Something like 8y ago, back in 2011, it was ok to manage cgroup-imposed resource limits in parallel to systemd (e.g. via libcgroup or custom tools), but over years cgroups moved increasingly towards "unified hierarchy" (for many good reasons, outlined in kernel docs), joining controllers at first, and then creating new unified cgroup-v2 interface for it.

Latter no longer allows to separate systemd process-tracking tree from ones for controlling specific resources, so you can't put restrictions on pids without either pulling them from hierarchy that systemd uses (making it loose track of them - bad idea) or changing cgroup configuration in parallel to systemd, potentially stepping on its toes (also bad idea).

So with systemd running in unified cgroup-v2 hierarchy mode (can be compiled-in default, esp. in the future, or enabled via systemd.unified_cgroup_hierarchy on cmdline), there are two supported options to manage custom resource limits:

  • By using systemd, via its slices, scopes and services.
  • By taking over control of some cgroup within systemd hierarchy via Delegate= in units.

Delegation necessitates managing pids within that subtree outside of systemd entirely, while first one is simpler of the two, where instead of libcgroup, cgmanager or cgconf config file, you'd define all these limits in systemd .slice unit-file hierarchy like this:

# apps.slice
[Slice]

CPUWeight=30
IOWeight=30

MemoryHigh=5G
MemoryMax=8G
MemorySwapMax=1G

# apps-browser.slice
[Slice]
CPUWeight=30
IOWeight=30
MemoryHigh=3G

# apps-misc.slice
[Slice]
MemoryHigh=700M
MemoryMax=1500M

These can reside under whatever pre-defined slices (see systemctl status for full tree), including "systemd --user" slices, where users can set these up as well.
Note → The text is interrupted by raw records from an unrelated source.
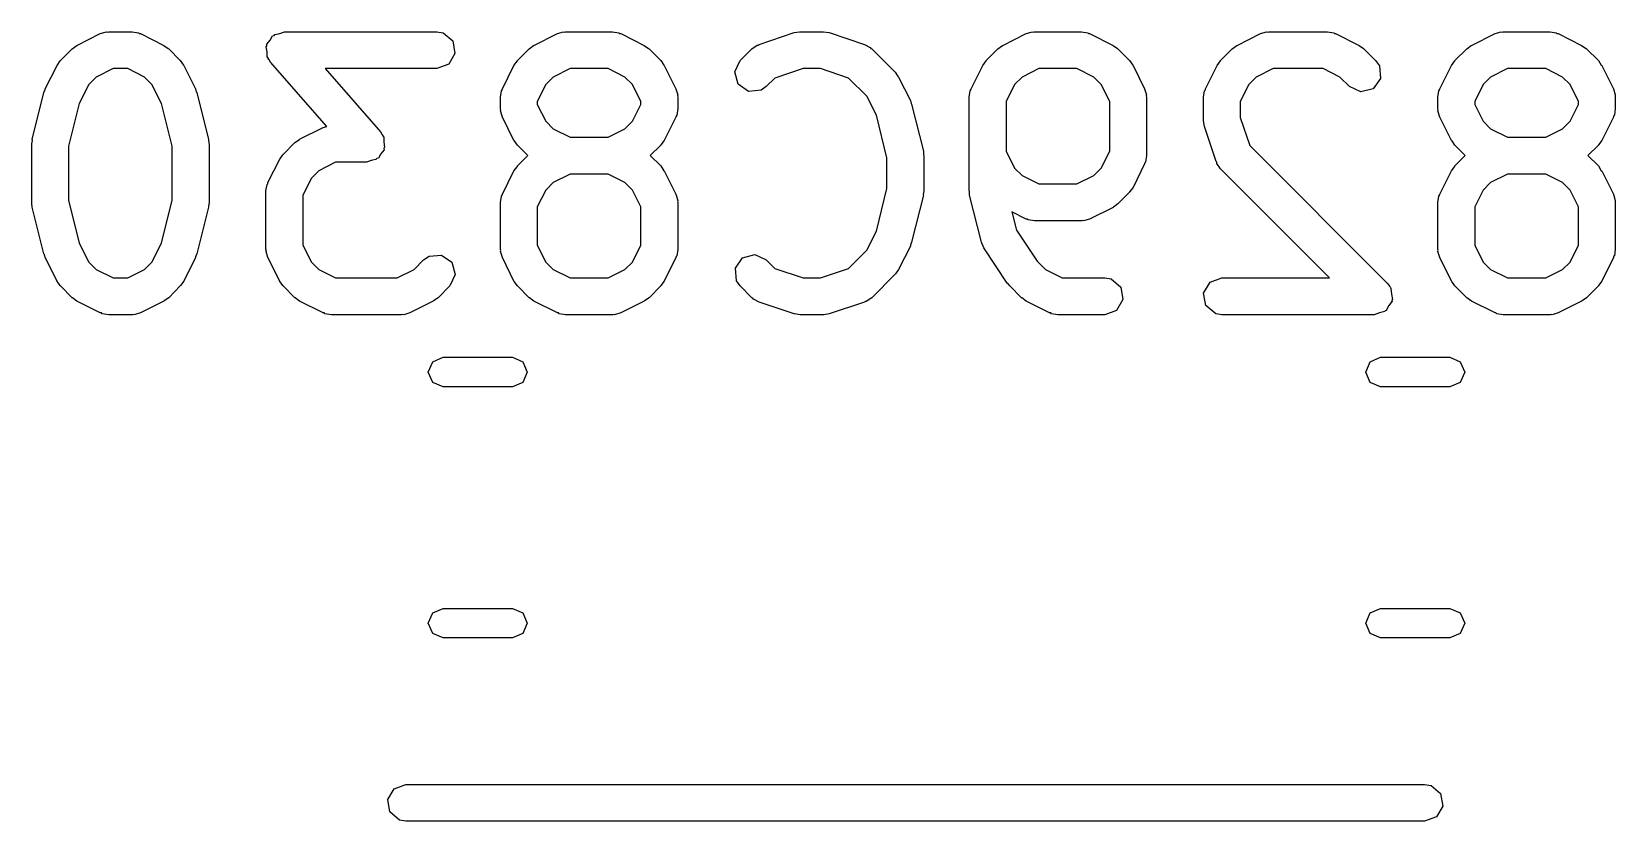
# Model space of a CAD drawing. Extents: x 109 to 192, y -153 to -42.
# Drawn here: x 140.17 to 146.61, y -102.92 to -99.71 of the extents above; entities that cross this region are included whole.
import ezdxf

# ---------------------------------------------------------------- set-up
doc = ezdxf.new("R2010")
doc.units = 0
doc.layers.add('BLACK', color=7, linetype='CONTINUOUS')

msp = doc.modelspace()

# ---------------------------------------------------------------- linework, layer by layer
at = {"layer": 'BLACK', "linetype": 'CONTINUOUS'}
for p, q in [((140.357, -99.7629), (140.452, -99.7153)), ((140.452, -99.7153), (140.477, -99.7079)), ((140.477, -99.7079), (140.482, -99.7089)), ((140.482, -99.7089), (140.486, -99.7074)), ((140.486, -99.7074), (140.581, -99.7074)), ((140.581, -99.7074), (140.607, -99.7119)), ((140.607, -99.7119), (140.61, -99.7148)), ((140.61, -99.7148), (140.615, -99.7153)), ((140.615, -99.7153), (140.71, -99.7629)), ((141.129, -99.7582), (141.142, -99.7424)), ((141.142, -99.7424), (141.152, -99.7249)), ((141.152, -99.7249), (141.158, -99.7229)), ((141.158, -99.7229), (141.161, -99.7182)), ((141.161, -99.7182), (141.181, -99.7143)), ((141.181, -99.7143), (141.2, -99.7074)), ((141.2, -99.7074), (141.819, -99.7074)), ((141.819, -99.7074), (141.845, -99.7119)), ((141.845, -99.7119), (141.884, -99.7449)), ((141.884, -99.7449), (141.893, -99.7954)), ((142.214, -99.7629), (142.31, -99.7153)), ((142.31, -99.7153), (142.335, -99.7079)), ((142.335, -99.7079), (142.339, -99.7089)), ((142.339, -99.7089), (142.343, -99.7074)), ((142.343, -99.7074), (142.534, -99.7074)), ((142.534, -99.7074), (142.559, -99.7119)), ((142.559, -99.7119), (142.563, -99.7148)), ((142.563, -99.7148), (142.567, -99.7153)), ((142.567, -99.7153), (142.662, -99.7629)), ((143.129, -99.7588), (143.272, -99.7112)), ((143.272, -99.7112), (143.294, -99.7079)), ((143.294, -99.7079), (143.296, -99.7074)), ((143.296, -99.7074), (143.391, -99.7074)), ((143.391, -99.7074), (143.413, -99.7113)), ((143.413, -99.7113), (143.414, -99.7112)), ((143.414, -99.7112), (143.557, -99.7588)), ((144.12, -99.7629), (144.215, -99.7153)), ((144.215, -99.7153), (144.24, -99.7079)), ((144.24, -99.7079), (144.244, -99.7089)), ((144.244, -99.7089), (144.248, -99.7074)), ((144.248, -99.7074), (144.439, -99.7074)), ((144.439, -99.7074), (144.465, -99.7119)), ((144.465, -99.7119), (144.468, -99.7148)), ((144.468, -99.7148), (144.472, -99.7153)), ((144.472, -99.7153), (144.568, -99.7629)), ((145.072, -99.7629), (145.167, -99.7153)), ((145.167, -99.7153), (145.192, -99.7079)), ((145.192, -99.7079), (145.197, -99.7089)), ((145.197, -99.7089), (145.201, -99.7074)), ((145.201, -99.7074), (145.439, -99.7074)), ((145.439, -99.7074), (145.465, -99.7119)), ((145.465, -99.7119), (145.468, -99.7148)), ((145.468, -99.7148), (145.472, -99.7153)), ((145.472, -99.7153), (145.568, -99.7629)), ((146.024, -99.7629), (146.12, -99.7153)), ((146.12, -99.7153), (146.145, -99.7079)), ((146.145, -99.7079), (146.149, -99.7089)), ((146.149, -99.7089), (146.153, -99.7074)), ((146.153, -99.7074), (146.344, -99.7074)), ((146.344, -99.7074), (146.369, -99.7119)), ((146.369, -99.7119), (146.373, -99.7148)), ((146.373, -99.7148), (146.377, -99.7153)), ((146.377, -99.7153), (146.472, -99.7629)), ((140.29, -99.8246), (140.338, -99.777)), ((140.338, -99.777), (140.356, -99.7641)), ((140.356, -99.7641), (140.357, -99.7629)), ((140.71, -99.7629), (140.728, -99.7763)), ((140.728, -99.7763), (140.73, -99.777)), ((140.73, -99.777), (140.777, -99.8246)), ((141.126, -99.7694), (141.129, -99.7642)), ((141.13, -99.7893), (141.126, -99.7694)), ((141.129, -99.7642), (141.129, -99.7582)), ((141.13, -99.8095), (141.13, -99.7893)), ((141.135, -99.8168), (141.13, -99.8095)), ((141.135, -99.8199), (141.135, -99.8168)), ((141.138, -99.8221), (141.135, -99.8199)), ((141.144, -99.8318), (141.138, -99.8221)), ((141.893, -99.7954), (141.868, -99.8398)), ((142.147, -99.8246), (142.195, -99.777)), ((142.195, -99.777), (142.213, -99.7641)), ((142.213, -99.7641), (142.214, -99.7629)), ((142.662, -99.7629), (142.68, -99.7763)), ((142.68, -99.7763), (142.682, -99.777)), ((142.682, -99.777), (142.73, -99.8246)), ((143.052, -99.8246), (143.1, -99.777)), ((143.1, -99.777), (143.121, -99.762)), ((143.121, -99.762), (143.125, -99.7616)), ((143.125, -99.7616), (143.129, -99.7588)), ((143.557, -99.7588), (143.58, -99.7713)), ((143.58, -99.7713), (143.583, -99.7751)), ((143.583, -99.7751), (143.587, -99.777)), ((143.587, -99.777), (143.682, -99.8722)), ((144.052, -99.8246), (144.1, -99.777)), ((144.1, -99.777), (144.118, -99.7641)), ((144.118, -99.7641), (144.12, -99.7629)), ((144.568, -99.7629), (144.586, -99.7763)), ((144.586, -99.7763), (144.587, -99.777)), ((144.587, -99.777), (144.635, -99.8246)), ((145.005, -99.8246), (145.052, -99.777)), ((145.052, -99.777), (145.071, -99.7641)), ((145.071, -99.7641), (145.072, -99.7629)), ((145.568, -99.7629), (145.586, -99.7763)), ((145.586, -99.7763), (145.587, -99.777)), ((145.587, -99.777), (145.635, -99.8246)), ((145.957, -99.8246), (146.005, -99.777)), ((146.005, -99.777), (146.023, -99.7641)), ((146.023, -99.7641), (146.024, -99.7629)), ((146.472, -99.7629), (146.49, -99.7763)), ((146.49, -99.7763), (146.492, -99.777)), ((146.492, -99.777), (146.54, -99.8246)), ((140.228, -99.9393), (140.276, -99.8441)), ((140.276, -99.8441), (140.289, -99.8261)), ((140.289, -99.8261), (140.29, -99.8246)), ((140.504, -99.8574), (140.435, -99.8916)), ((140.564, -99.8574), (140.504, -99.8574)), ((140.632, -99.8916), (140.564, -99.8574)), ((140.777, -99.8246), (140.79, -99.843)), ((140.79, -99.843), (140.791, -99.8441)), ((140.791, -99.8441), (140.839, -99.9393)), ((141.372, -100.092), (141.144, -99.8318)), ((141.819, -99.8574), (141.366, -99.8574)), ((141.366, -99.8574), (141.59, -100.114)), ((141.868, -99.8398), (141.819, -99.8574)), ((142.086, -99.9393), (142.133, -99.8441)), ((142.133, -99.8441), (142.147, -99.8261)), ((142.147, -99.8261), (142.147, -99.8246)), ((142.361, -99.8574), (142.292, -99.8916)), ((142.516, -99.8574), (142.361, -99.8574)), ((142.584, -99.8916), (142.516, -99.8574)), ((142.73, -99.8246), (142.742, -99.843)), ((142.742, -99.843), (142.744, -99.8441)), ((142.744, -99.8441), (142.791, -99.9393)), ((143.03, -99.8711), (143.052, -99.8246)), ((143.044, -99.9206), (143.03, -99.8711)), ((143.308, -99.8574), (143.193, -99.8956)), ((143.379, -99.8574), (143.308, -99.8574)), ((143.493, -99.8956), (143.379, -99.8574)), ((143.682, -99.8722), (143.695, -99.8906)), ((143.991, -99.9393), (144.038, -99.8441)), ((144.038, -99.8441), (144.052, -99.8261)), ((144.052, -99.8261), (144.052, -99.8246)), ((144.266, -99.8574), (144.198, -99.8916)), ((144.421, -99.8574), (144.266, -99.8574)), ((144.49, -99.8916), (144.421, -99.8574)), ((144.635, -99.8246), (144.648, -99.843)), ((144.648, -99.843), (144.649, -99.8441)), ((144.649, -99.8441), (144.696, -99.9393)), ((144.943, -99.9393), (144.991, -99.8441)), ((144.991, -99.8441), (145.004, -99.8261)), ((145.004, -99.8261), (145.005, -99.8246)), ((145.218, -99.8574), (145.15, -99.8916)), ((145.421, -99.8574), (145.218, -99.8574)), ((145.49, -99.8916), (145.421, -99.8574)), ((145.635, -99.8246), (145.65, -99.8459)), ((145.65, -99.8459), (145.654, -99.897)), ((145.896, -99.9393), (145.943, -99.8441)), ((145.943, -99.8441), (145.957, -99.8261)), ((145.957, -99.8261), (145.957, -99.8246)), ((146.171, -99.8574), (146.102, -99.8916)), ((146.326, -99.8574), (146.171, -99.8574)), ((146.394, -99.8916), (146.326, -99.8574)), ((146.54, -99.8246), (146.552, -99.843)), ((146.552, -99.843), (146.554, -99.8441)), ((146.554, -99.8441), (146.601, -99.9393)), ((140.223, -99.9547), (140.228, -99.9428)), ((140.228, -99.9428), (140.228, -99.9393)), ((140.405, -99.922), (140.366, -99.999)), ((140.435, -99.8916), (140.405, -99.922)), ((140.662, -99.922), (140.632, -99.8916)), ((140.701, -99.999), (140.662, -99.922)), ((140.839, -99.9393), (140.842, -99.9517)), ((142.078, -99.9729), (142.082, -99.9472)), ((142.082, -99.9472), (142.085, -99.9438)), ((142.085, -99.9438), (142.086, -99.9393)), ((142.262, -99.922), (142.228, -99.9906)), ((142.292, -99.8916), (142.262, -99.922)), ((142.615, -99.922), (142.584, -99.8916)), ((142.649, -99.9906), (142.615, -99.922)), ((142.791, -99.9393), (142.799, -99.9643)), ((143.086, -99.9501), (143.044, -99.9206)), ((143.137, -99.9456), (143.086, -99.9501)), ((143.158, -99.9307), (143.137, -99.9456)), ((143.193, -99.8956), (143.158, -99.9307)), ((143.567, -99.9697), (143.493, -99.8956)), ((143.695, -99.8906), (143.696, -99.8917)), ((143.696, -99.8917), (143.744, -99.9869)), ((143.983, -99.9729), (143.987, -99.9472)), ((143.987, -99.9472), (143.99, -99.9438)), ((143.99, -99.9438), (143.991, -99.9393)), ((144.167, -99.922), (144.133, -99.9906)), ((144.198, -99.8916), (144.167, -99.922)), ((144.52, -99.922), (144.49, -99.8916)), ((144.554, -99.9906), (144.52, -99.922)), ((144.696, -99.9393), (144.704, -99.9643)), ((144.935, -99.9729), (144.94, -99.9472)), ((144.94, -99.9472), (144.943, -99.9438)), ((144.943, -99.9438), (144.943, -99.9393)), ((145.12, -99.922), (145.085, -99.9906)), ((145.15, -99.8916), (145.12, -99.922)), ((145.529, -99.9307), (145.49, -99.8916)), ((145.575, -99.9523), (145.529, -99.9307)), ((145.625, -99.9391), (145.575, -99.9523)), ((145.654, -99.897), (145.625, -99.9391)), ((145.888, -99.9729), (145.892, -99.9472)), ((145.892, -99.9472), (145.895, -99.9438)), ((145.895, -99.9438), (145.896, -99.9393)), ((146.072, -99.922), (146.038, -99.9906)), ((146.102, -99.8916), (146.072, -99.922)), ((146.425, -99.922), (146.394, -99.8916)), ((146.459, -99.9906), (146.425, -99.922)), ((146.601, -99.9393), (146.609, -99.9643)), ((140.175, -100.145), (140.223, -99.9547)), ((140.366, -99.999), (140.323, -100.173)), ((140.744, -100.173), (140.701, -99.999)), ((140.842, -99.9517), (140.844, -99.9547)), ((140.844, -99.9547), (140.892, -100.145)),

Running arbitrary desktop app under such slices can be done as a .service with all Type=/ExecStart=/ExecStop= complications or just .scope as a bunch of arbitrary unmanaged processes, using systemd-run:

% systemd-run -q --user --scope \
  --unit chrome --slice apps-browser -- chrominum

Scope will inherit all limits from specified slices, as composed into hierarchy (with the usual hyphen-to-slash translation in unit names), and auto-start/stop the scope (when all pids there exit) and all slices required.

So no extra scripts for mucking about in /sys/fs/cgroup are needed anymore, whole subtree is visible and inspectable via systemd tools (e.g. systemctl status apps.slice, systemd-cgls, systemd-cgtop and such), and can be adjusted on the fly via e.g. systemctl set-property apps-misc.slice CPUWeight=30.

My old cgroup-tools provided few extra things for checking cgroup contents from scripts easily (cgls), queueing apps from shell via cgroups and such (cgwait, "cgrc -q"), which systemctl and systemd-run don't provide, but easy to implement on top as:

% cg=$(systemctl -q --user show -p ControlGroup --value -- apps-browser.scope)
% procs=$( [ -z "$cg" ] ||
    find /sys/fs/cgroup"$cg" -name cgroup.procs -exec cat '{}' + 2>/dev/null )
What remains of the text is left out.